# IronMagLabs Athlete:Spotlight On IFBB Pro: Tracy "IslandGirl" Bodner



## ParadiseCup (Feb 18, 2012)

Spotlight On IFBB Women's Physique Pro: Tracy "IslandGirl" Bodner - RX Muscle Mag


----------



## Curt James (Feb 18, 2012)

For those who prefer to stay on this site:

*Spotlight On IFBB Women's Physique Pro: Tracy "IslandGirl" Bodner*







*Category you compete in:* IFBB Pro Women's Physique

*Date of birth:* June 5th

*Hometown: *Born and raised in Honolulu, Hawaii. Currently living in Denver, Colorado.
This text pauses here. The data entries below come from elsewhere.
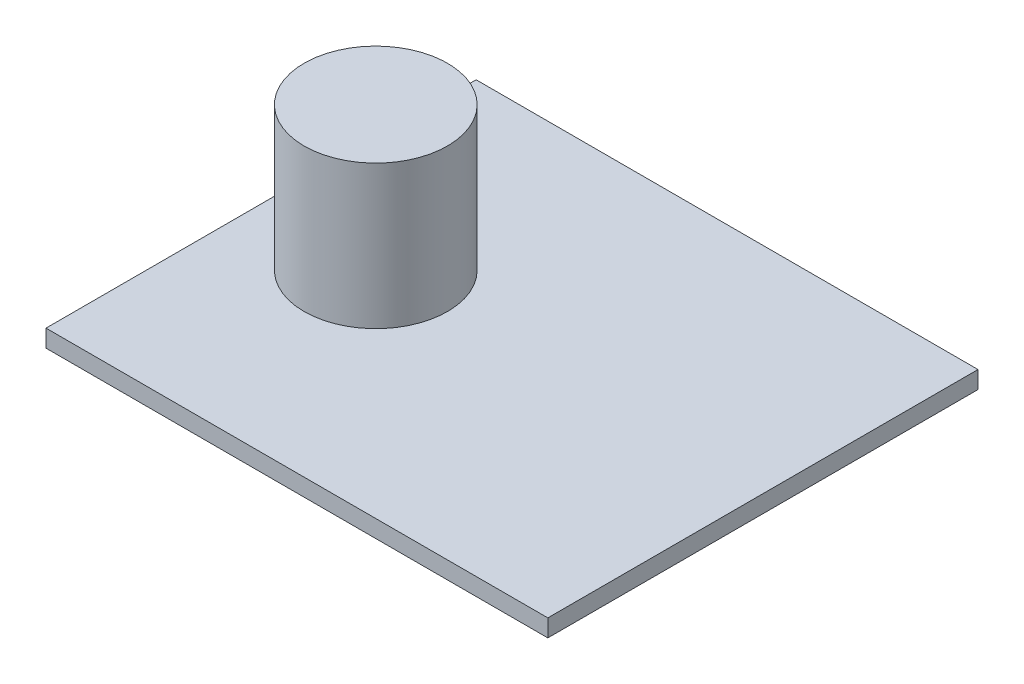
ISO-10303-21;
HEADER;
FILE_DESCRIPTION(('STEP AP214'),'2;1');
FILE_NAME('part.step','',(''),(''),'','','');
FILE_SCHEMA(('AUTOMOTIVE_DESIGN { 1 0 10303 214 1 1 1 1 }'));
ENDSEC;
DATA;
#1=APPLICATION_CONTEXT('core data for automotive mechanical design processes');
#2=APPLICATION_PROTOCOL_DEFINITION('international standard','automotive_design',2000,#1);
#3=PRODUCT_CONTEXT('',#1,'mechanical');
#4=PRODUCT('Part','Part','',(#3));
#5=PRODUCT_RELATED_PRODUCT_CATEGORY('part','',(#4));
#6=PRODUCT_DEFINITION_FORMATION('','',#4);
#7=PRODUCT_DEFINITION_CONTEXT('part definition',#1,'design');
#8=PRODUCT_DEFINITION('design','',#6,#7);
#9=PRODUCT_DEFINITION_SHAPE('','',#8);
#10=(LENGTH_UNIT() NAMED_UNIT(*) SI_UNIT(.MILLI.,.METRE.));
#11=(NAMED_UNIT(*) PLANE_ANGLE_UNIT() SI_UNIT($,.RADIAN.));
#12=(NAMED_UNIT(*) SI_UNIT($,.STERADIAN.) SOLID_ANGLE_UNIT());
#13=UNCERTAINTY_MEASURE_WITH_UNIT(LENGTH_MEASURE(1.E-05),#10,'distance_accuracy_value','');
#14=(GEOMETRIC_REPRESENTATION_CONTEXT(3) GLOBAL_UNCERTAINTY_ASSIGNED_CONTEXT((#13)) GLOBAL_UNIT_ASSIGNED_CONTEXT((#10,
#11,#12)) REPRESENTATION_CONTEXT('',''));
#15=CARTESIAN_POINT('',(0.,0.,0.));
#16=DIRECTION('',(0.,0.,1.));
#17=DIRECTION('',(1.,0.,0.));
#18=AXIS2_PLACEMENT_3D('',#15,#16,#17);
#19=CARTESIAN_POINT('',(-113.086674099458,1.53924,1.03614054383309));
#20=DIRECTION('',(0.,1.,0.));
#21=DIRECTION('',(0.,0.,1.));
#22=AXIS2_PLACEMENT_3D('',#19,#20,#21);
#23=PLANE('',#22);
#24=DIRECTION('',(1.,0.,0.));
#25=VECTOR('',#24,1.);
#26=CARTESIAN_POINT('',(-113.086674099458,1.53924,-37.0638594561669));
#27=LINE('',#26,#25);
#28=CARTESIAN_POINT('',(-99.2127644758232,1.53924,-37.0638594561669));
#29=VERTEX_POINT('',#28);
#30=CARTESIAN_POINT('',(-54.7627644758232,1.53924,-37.0638594561669));
#31=VERTEX_POINT('',#30);
#32=EDGE_CURVE('E82',#29,#31,#27,.T.);
#33=ORIENTED_EDGE('',*,*,#32,.F.);
#34=DIRECTION('',(0.,0.,-1.));
#35=VECTOR('',#34,1.);
#36=CARTESIAN_POINT('',(-99.2127644758232,1.53924,1.03614054383309));
#37=LINE('',#36,#35);
#38=CARTESIAN_POINT('',(-99.2127644758232,1.53924,1.03614054383309));
#39=VERTEX_POINT('',#38);
#40=EDGE_CURVE('E78',#39,#29,#37,.T.);
#41=ORIENTED_EDGE('',*,*,#40,.F.);
#42=DIRECTION('',(1.,0.,0.));
#43=VECTOR('',#42,1.);
#44=CARTESIAN_POINT('',(-113.086674099458,1.53924,1.03614054383309));
#45=LINE('',#44,#43);
#46=CARTESIAN_POINT('',(-54.7627644758232,1.53924,1.03614054383309));
#47=VERTEX_POINT('',#46);
#48=EDGE_CURVE('E81',#39,#47,#45,.T.);
#49=ORIENTED_EDGE('',*,*,#48,.T.);
#50=DIRECTION('',(0.,0.,-1.));
#51=VECTOR('',#50,1.);
#52=CARTESIAN_POINT('',(-54.7627644758232,1.53924,1.03614054383309));
#53=LINE('',#52,#51);
#54=EDGE_CURVE('E53',#47,#31,#53,.T.);
#55=ORIENTED_EDGE('',*,*,#54,.T.);
#56=EDGE_LOOP('',(#33,#41,#49,#55));
#57=FACE_BOUND('',#56,.T.);
#58=CARTESIAN_POINT('',(-89.0527644758232,1.53924,-18.0138594561669));
#59=DIRECTION('',(0.,1.,0.));
#60=DIRECTION('',(0.,0.,1.));
#61=AXIS2_PLACEMENT_3D('',#58,#59,#60);
#62=CIRCLE('',#61,6.35);
#63=CARTESIAN_POINT('',(-89.0527644758232,1.53924,-11.6638594561669));
#64=VERTEX_POINT('',#63);
#65=EDGE_CURVE('E120',#64,#64,#62,.T.);
#66=ORIENTED_EDGE('',*,*,#65,.F.);
#67=EDGE_LOOP('',(#66));
#68=FACE_BOUND('',#67,.T.);
#69=ADVANCED_FACE('F38',(#57,#68),#23,.T.);
#70=CARTESIAN_POINT('',(-99.2127644758232,12.7,-37.0638594561669));
#71=DIRECTION('',(1.,0.,0.));
#72=DIRECTION('',(0.,0.,-1.));
#73=AXIS2_PLACEMENT_3D('',#70,#71,#72);
#74=PLANE('',#73);
#75=ORIENTED_EDGE('',*,*,#40,.T.);
#76=DIRECTION('',(0.,-1.,0.));
#77=VECTOR('',#76,1.);
#78=CARTESIAN_POINT('',(-99.2127644758232,12.7,-37.0638594561669));
#79=LINE('',#78,#77);
#80=CARTESIAN_POINT('',(-99.2127644758232,0.,-37.0638594561669));
#81=VERTEX_POINT('',#80);
#82=EDGE_CURVE('E61',#29,#81,#79,.T.);
#83=ORIENTED_EDGE('',*,*,#82,.T.);
#84=DIRECTION('',(0.,0.,1.));
#85=VECTOR('',#84,1.);
#86=CARTESIAN_POINT('',(-99.2127644758232,0.,-37.0638594561669));
#87=LINE('',#86,#85);
#88=CARTESIAN_POINT('',(-99.2127644758232,0.,1.03614054383309));
#89=VERTEX_POINT('',#88);
#90=EDGE_CURVE('E92',#81,#89,#87,.T.);
#91=ORIENTED_EDGE('',*,*,#90,.T.);
#92=DIRECTION('',(0.,-1.,0.));
#93=VECTOR('',#92,1.);
#94=CARTESIAN_POINT('',(-99.2127644758232,12.7,1.03614054383309));
#95=LINE('',#94,#93);
#96=EDGE_CURVE('E11',#39,#89,#95,.T.);
#97=ORIENTED_EDGE('',*,*,#96,.F.);
#98=EDGE_LOOP('',(#75,#83,#91,#97));
#99=FACE_BOUND('',#98,.T.);
#100=ADVANCED_FACE('F40',(#99),#74,.F.);
#101=CARTESIAN_POINT('',(-99.2127644758232,12.7,1.03614054383309));
#102=DIRECTION('',(0.,0.,-1.));
#103=DIRECTION('',(-1.,0.,0.));
#104=AXIS2_PLACEMENT_3D('',#101,#102,#103);
#105=PLANE('',#104);
#106=ORIENTED_EDGE('',*,*,#48,.F.);
#107=ORIENTED_EDGE('',*,*,#96,.T.);
#108=DIRECTION('',(1.,0.,0.));
#109=VECTOR('',#108,1.);
#110=CARTESIAN_POINT('',(-99.2127644758232,0.,1.03614054383309));
#111=LINE('',#110,#109);
#112=CARTESIAN_POINT('',(-54.7627644758232,0.,1.03614054383309));
#113=VERTEX_POINT('',#112);
#114=EDGE_CURVE('E95',#89,#113,#111,.T.);
#115=ORIENTED_EDGE('',*,*,#114,.T.);
#116=DIRECTION('',(0.,-1.,0.));
#117=VECTOR('',#116,1.);
#118=CARTESIAN_POINT('',(-54.7627644758232,12.7,1.03614054383309));
#119=LINE('',#118,#117);
#120=EDGE_CURVE('E46',#47,#113,#119,.T.);
#121=ORIENTED_EDGE('',*,*,#120,.F.);
#122=EDGE_LOOP('',(#106,#107,#115,#121));
#123=FACE_BOUND('',#122,.T.);
#124=ADVANCED_FACE('F87',(#123),#105,.F.);
#125=CARTESIAN_POINT('',(-54.7627644758232,12.7,-37.0638594561669));
#126=DIRECTION('',(-1.,0.,0.));
#127=DIRECTION('',(0.,0.,1.));
#128=AXIS2_PLACEMENT_3D('',#125,#126,#127);
#129=PLANE('',#128);
#130=ORIENTED_EDGE('',*,*,#54,.F.);
#131=ORIENTED_EDGE('',*,*,#120,.T.);
#132=DIRECTION('',(0.,0.,-1.));
#133=VECTOR('',#132,1.);
#134=CARTESIAN_POINT('',(-54.7627644758232,0.,-37.0638594561669));
#135=LINE('',#134,#133);
#136=CARTESIAN_POINT('',(-54.7627644758232,0.,-37.0638594561669));
#137=VERTEX_POINT('',#136);
#138=EDGE_CURVE('E97',#113,#137,#135,.T.);
#139=ORIENTED_EDGE('',*,*,#138,.T.);
#140=DIRECTION('',(0.,-1.,0.));
#141=VECTOR('',#140,1.);
#142=CARTESIAN_POINT('',(-54.7627644758232,12.7,-37.0638594561669));
#143=LINE('',#142,#141);
#144=EDGE_CURVE('E108',#31,#137,#143,.T.);
#145=ORIENTED_EDGE('',*,*,#144,.F.);
#146=EDGE_LOOP('',(#130,#131,#139,#145));
#147=FACE_BOUND('',#146,.T.);
#148=ADVANCED_FACE('F111',(#147),#129,.F.);
#149=CARTESIAN_POINT('',(-99.2127644758232,12.7,-37.0638594561669));
#150=DIRECTION('',(0.,0.,1.));
#151=DIRECTION('',(1.,0.,0.));
#152=AXIS2_PLACEMENT_3D('',#149,#150,#151);
#153=PLANE('',#152);
#154=ORIENTED_EDGE('',*,*,#32,.T.);
#155=ORIENTED_EDGE('',*,*,#144,.T.);
#156=DIRECTION('',(-1.,0.,0.));
#157=VECTOR('',#156,1.);
#158=CARTESIAN_POINT('',(-99.2127644758232,0.,-37.0638594561669));
#159=LINE('',#158,#157);
#160=EDGE_CURVE('E104',#137,#81,#159,.T.);
#161=ORIENTED_EDGE('',*,*,#160,.T.);
#162=ORIENTED_EDGE('',*,*,#82,.F.);
#163=EDGE_LOOP('',(#154,#155,#161,#162));
#164=FACE_BOUND('',#163,.T.);
#165=ADVANCED_FACE('F116',(#164),#153,.F.);
#166=CARTESIAN_POINT('',(-99.2127644758232,0.,1.03614054383309));
#167=DIRECTION('',(0.,1.,0.));
#168=DIRECTION('',(0.,0.,1.));
#169=AXIS2_PLACEMENT_3D('',#166,#167,#168);
#170=PLANE('',#169);
#171=ORIENTED_EDGE('',*,*,#90,.F.);
#172=ORIENTED_EDGE('',*,*,#160,.F.);
#173=ORIENTED_EDGE('',*,*,#138,.F.);
#174=ORIENTED_EDGE('',*,*,#114,.F.);
#175=EDGE_LOOP('',(#171,#172,#173,#174));
#176=FACE_BOUND('',#175,.T.);
#177=ADVANCED_FACE('F114',(#176),#170,.F.);
#178=CARTESIAN_POINT('',(-89.0527644758232,14.23924,-18.0138594561669));
#179=DIRECTION('',(0.,-1.,0.));
#180=DIRECTION('',(0.,0.,-1.));
#181=AXIS2_PLACEMENT_3D('',#178,#179,#180);
#182=CYLINDRICAL_SURFACE('',#181,6.35);
#183=CARTESIAN_POINT('',(-89.0527644758232,14.23924,-18.0138594561669));
#184=DIRECTION('',(0.,1.,0.));
#185=DIRECTION('',(0.,0.,1.));
#186=AXIS2_PLACEMENT_3D('',#183,#184,#185);
#187=CIRCLE('',#186,6.35);
#188=CARTESIAN_POINT('',(-89.0527644758232,14.23924,-11.6638594561669));
#189=VERTEX_POINT('',#188);
#190=EDGE_CURVE('E117',#189,#189,#187,.T.);
#191=ORIENTED_EDGE('',*,*,#190,.F.);
#192=EDGE_LOOP('',(#191));
#193=FACE_BOUND('',#192,.T.);
#194=ORIENTED_EDGE('',*,*,#65,.T.);
#195=EDGE_LOOP('',(#194));
#196=FACE_BOUND('',#195,.T.);
#197=ADVANCED_FACE('F126',(#193,#196),#182,.T.);
#198=CARTESIAN_POINT('',(-122.665814632401,14.23924,-18.0138594561669));
#199=DIRECTION('',(0.,1.,0.));
#200=DIRECTION('',(0.,0.,1.));
#201=AXIS2_PLACEMENT_3D('',#198,#199,#200);
#202=PLANE('',#201);
#203=ORIENTED_EDGE('',*,*,#190,.T.);
#204=EDGE_LOOP('',(#203));
#205=FACE_BOUND('',#204,.T.);
#206=ADVANCED_FACE('F163',(#205),#202,.T.);
#207=CLOSED_SHELL('',(#69,#100,#124,#148,#165,#177,#197,#206));
#208=MANIFOLD_SOLID_BREP('B2',#207);
#209=ADVANCED_BREP_SHAPE_REPRESENTATION('',(#18,#208),#14);
#210=SHAPE_DEFINITION_REPRESENTATION(#9,#209);
ENDSEC;
END-ISO-10303-21;

*Career:* Owner of Total Package Nutritional Consulting






*Competition History:*

1990 Hawaiian Classic - Novice Lightweight - 2nd place
1991 Hawaiian Classic - Open Lightweight - 2nd place
1992 Paradise Cup - Open Lightweight - 2nd place
1995 Paradise Cup - Open Lightweight - 2nd place
2006 Colorado State - Novice Figure A Winner and Overall
2006 Colorado State - Open Figure A Winner
2006 Colorado State - Masters Bodybuilding Overall
2006 Colorado State - Open Lightweight Winner
2007 USA Championships - Figure Class B
2008 USA Championships - Lightweight - 7th place
2009 Colorado State - Open Lightweight Winner
2009 USA Championships - Lightweight - 7th place
2010 Colorado State - Open Figure B Winner
2010 Nationals - Figure Class B
2011 Jr. USAs - Physique Short - 14th place
2011 USA Championships - Physique Short - 4th place
2011 North Americans - Physique Short - Winner and Pro Card status

*Next competition:*

2012 IFBB Desert Muscle Classic- Pro debut on February 25th in Mesa, Arizona and 2012 IFBB St. Louis Pro on March 17th.






*In your opinion, how important is motivation and confidence when aiming to accomplish a goal?*

I think it is highly important to have both motivation and confidence when trying to achieve your goal. We all start with a dream and in order to achieve that dream you have to make sure you challenge yourself every day in reaching that dream. You have to have faith in yourself, be confident and believe that you can accomplish anything once you set your mind to do something and the only person that can stop you from success is yourself. It all starts with a dream and if you believe that you can accomplish that dream, you will achieve it.

*In your eyes, what combination of hard work and natural ability is needed to reach the top?*

Some people are blessed with awesome natural ability called "genetics". They don't have to do much and they can succeed without much effort. Some people are not blessed with great genetics and have to work harder in order to achieve their goals. And then you have ones that know the power of having both hard work and genetics can truly be fierce and unstoppable and will reach the top faster than anyone else.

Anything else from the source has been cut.